There are two HIEs in Colorado: Quality Health Networks (QHN), which serves the Western Slope, and the Colorado Regional Health Information Organization (CORHIO), which covers most of the rest of the state. Having multiple HIEs within a state can ensure more comprehensive coverage, but it also means that there is no single, universal EHR communication platform to share data from medical records. QHN and CORHIO each connect with 33 different EHRs — adding to the complexity of the system.

To be effective, EHR data must be high-quality and trustworthy. The field of data governance has emerged to manage the availability, usefulness, quality, and security of sensitive medical data. In Colorado, it’s still a work in progress: The state’s Office of eHealth Innovation is prioritizing data governance as part of its 2019 Health IT Roadmap to improve EHR data quality in Colorado. Future efforts in innovation must overcome previous shortcomings in data alignment and quality.

A decade after the ACA, more data are being collected than ever before — but there is significant room for improvement in a complicated and often uncoordinated system.

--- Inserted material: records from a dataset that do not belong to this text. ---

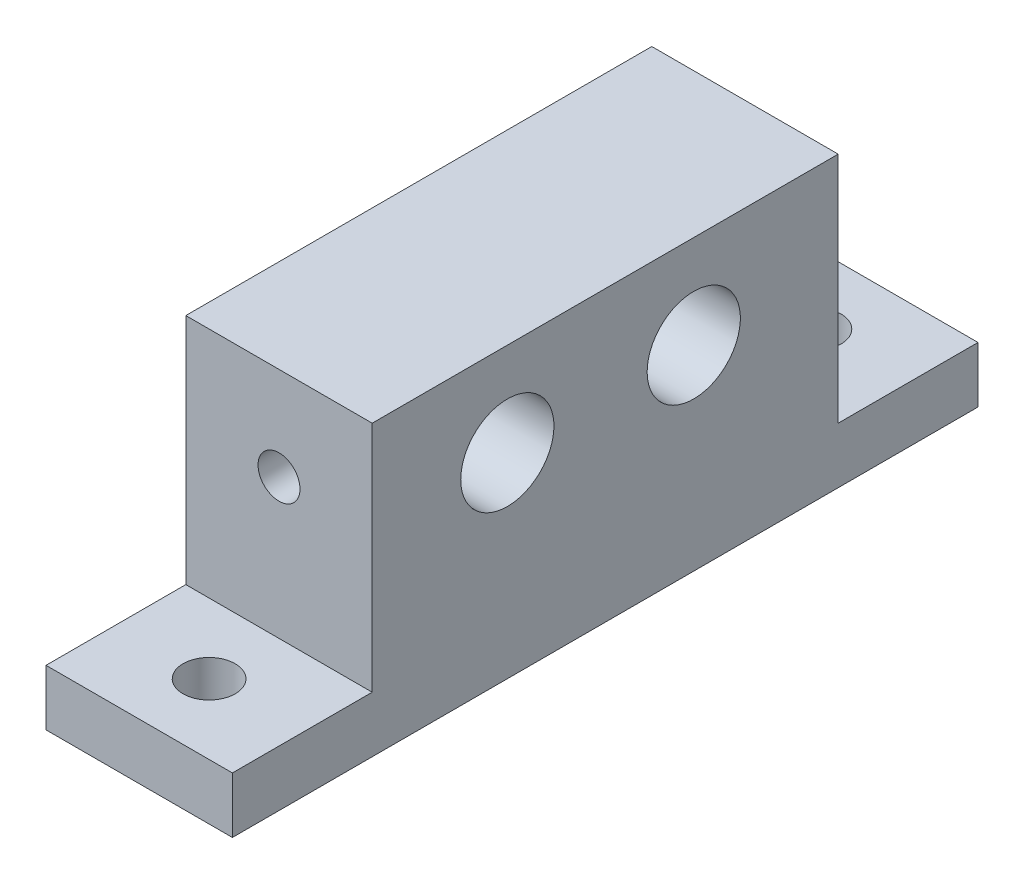
from build123d import *

# Parameters (mm, degrees)
SKETCH_1_W          = 10
SKETCH_1_H          = 25
EXTRUDE_1_DEPTH     = 10
SKETCH_2_R          = 2.5
CUT_EXTRUDE_1_DEPTH = 10
CUT_EXTRUDE_2_REACH = 27
SKETCH_3_R          = 1.125
CUT_EXTRUDE_3_REACH = 27
SKETCH_4_R          = 1.125
SKETCH_5_W          = 10
SKETCH_5_H          = 25
EXTRUDE_2_DEPTH     = 2.5
SKETCH_6_W          = 10
SKETCH_6_H          = 40
EXTRUDE_3_DEPTH     = 3
SKETCH_7_R          = 1.4
CUT_EXTRUDE_4_DEPTH = 3


with BuildPart() as part:
    # 스케치1 → 보스-돌출1 (new body)
    with BuildSketch(Plane(origin=(0, 0, 0), x_dir=(1, 0, 0), z_dir=(0, 1, 0))):
        with Locations((-4.093959732, 10.604026846)):
            Rectangle(SKETCH_1_W, SKETCH_1_H)
    extrude(amount=EXTRUDE_1_DEPTH)

    # 스케치2 → 컷-돌출1 (cut)
    with BuildSketch(Plane.ZY.offset(9.093959732)):
        with Locations((-5.354026846, 5)):
            Circle(SKETCH_2_R)
        with Locations((-15.354026846, 5)):
            Circle(SKETCH_2_R)
    extrude(amount=-CUT_EXTRUDE_1_DEPTH, mode=Mode.SUBTRACT)

    # 스케치3 → 컷-돌출2 (cut, up to next)
    with BuildSketch(Plane.XY.offset(1.895973154), mode=Mode.PRIVATE) as cut_extrude_2_sk1:
        with Locations((-4.093959732, 5)):
            Circle(SKETCH_3_R)
    cut_extrude_2_tool1 = extrude(cut_extrude_2_sk1.sketch, amount=-CUT_EXTRUDE_2_REACH, mode=Mode.PRIVATE) & part.part
    add(cut_extrude_2_tool1.solids().sort_by_distance((-4.09396, 5, 1.895973))[0], mode=Mode.SUBTRACT)

    # 스케치4 → 컷-돌출3 (cut, up to next)
    with BuildSketch(Plane(origin=(0, 0, -23.104026846), x_dir=(-1, 0, 0), z_dir=(0, 0, -1)), mode=Mode.PRIVATE) as cut_extrude_3_sk1:
        with Locations((4.093959732, 5)):
            Circle(SKETCH_4_R)
    cut_extrude_3_tool1 = extrude(cut_extrude_3_sk1.sketch, amount=-CUT_EXTRUDE_3_REACH, mode=Mode.PRIVATE) & part.part
    add(cut_extrude_3_tool1.solids().sort_by_distance((-4.09396, 5, -23.104027))[0], mode=Mode.SUBTRACT)

    # 스케치5 → 보스-돌출2 (add)
    with BuildSketch(Plane.XZ):
        with Locations((-4.093959732, -10.604026846)):
            Rectangle(SKETCH_5_W, SKETCH_5_H)
    extrude(amount=EXTRUDE_2_DEPTH)

    # 스케치6 → 보스-돌출3 (add)
    with BuildSketch(Plane.XZ.offset(2.5)):
        with Locations((-4.093959732, -10.604026846)):
            Rectangle(SKETCH_6_W, SKETCH_6_H)
    extrude(amount=EXTRUDE_3_DEPTH)

    # 스케치7 → 컷-돌출4 (cut)
    with BuildSketch(Plane(origin=(0, -2.5, 0), x_dir=(1, 0, 0), z_dir=(0, 1, 0))):
        with Locations((-4.093959732, -5.645973154)):
            Circle(SKETCH_7_R)
        with Locations((-4.093959732, 26.854026846)):
            Circle(SKETCH_7_R)
    extrude(amount=-CUT_EXTRUDE_4_DEPTH, mode=Mode.SUBTRACT)


solid = part.part

New policies and practices created at the local, health systems, and state levels can continue to advance our state’s progress. Colorado is nationally recognized as being on the cutting edge of health system innovation. The rest of the country will continue to look to us as a bellwether state, closely watching our results.

This was CHI’s final chapter in our series examining what the ACA has accomplished over the past decade and what work remains to realize its ambitious goals. In 2020, not all Coloradans have access to coverage and those with insurance are still struggling with affordability. But a great deal of change has taken place, and clear progress has been made in areas ranging from data collection to access to preventive care and insurance coverage. These issues will continue to be at the center of the conversation as people look for ways to improve health care and access for all Coloradans.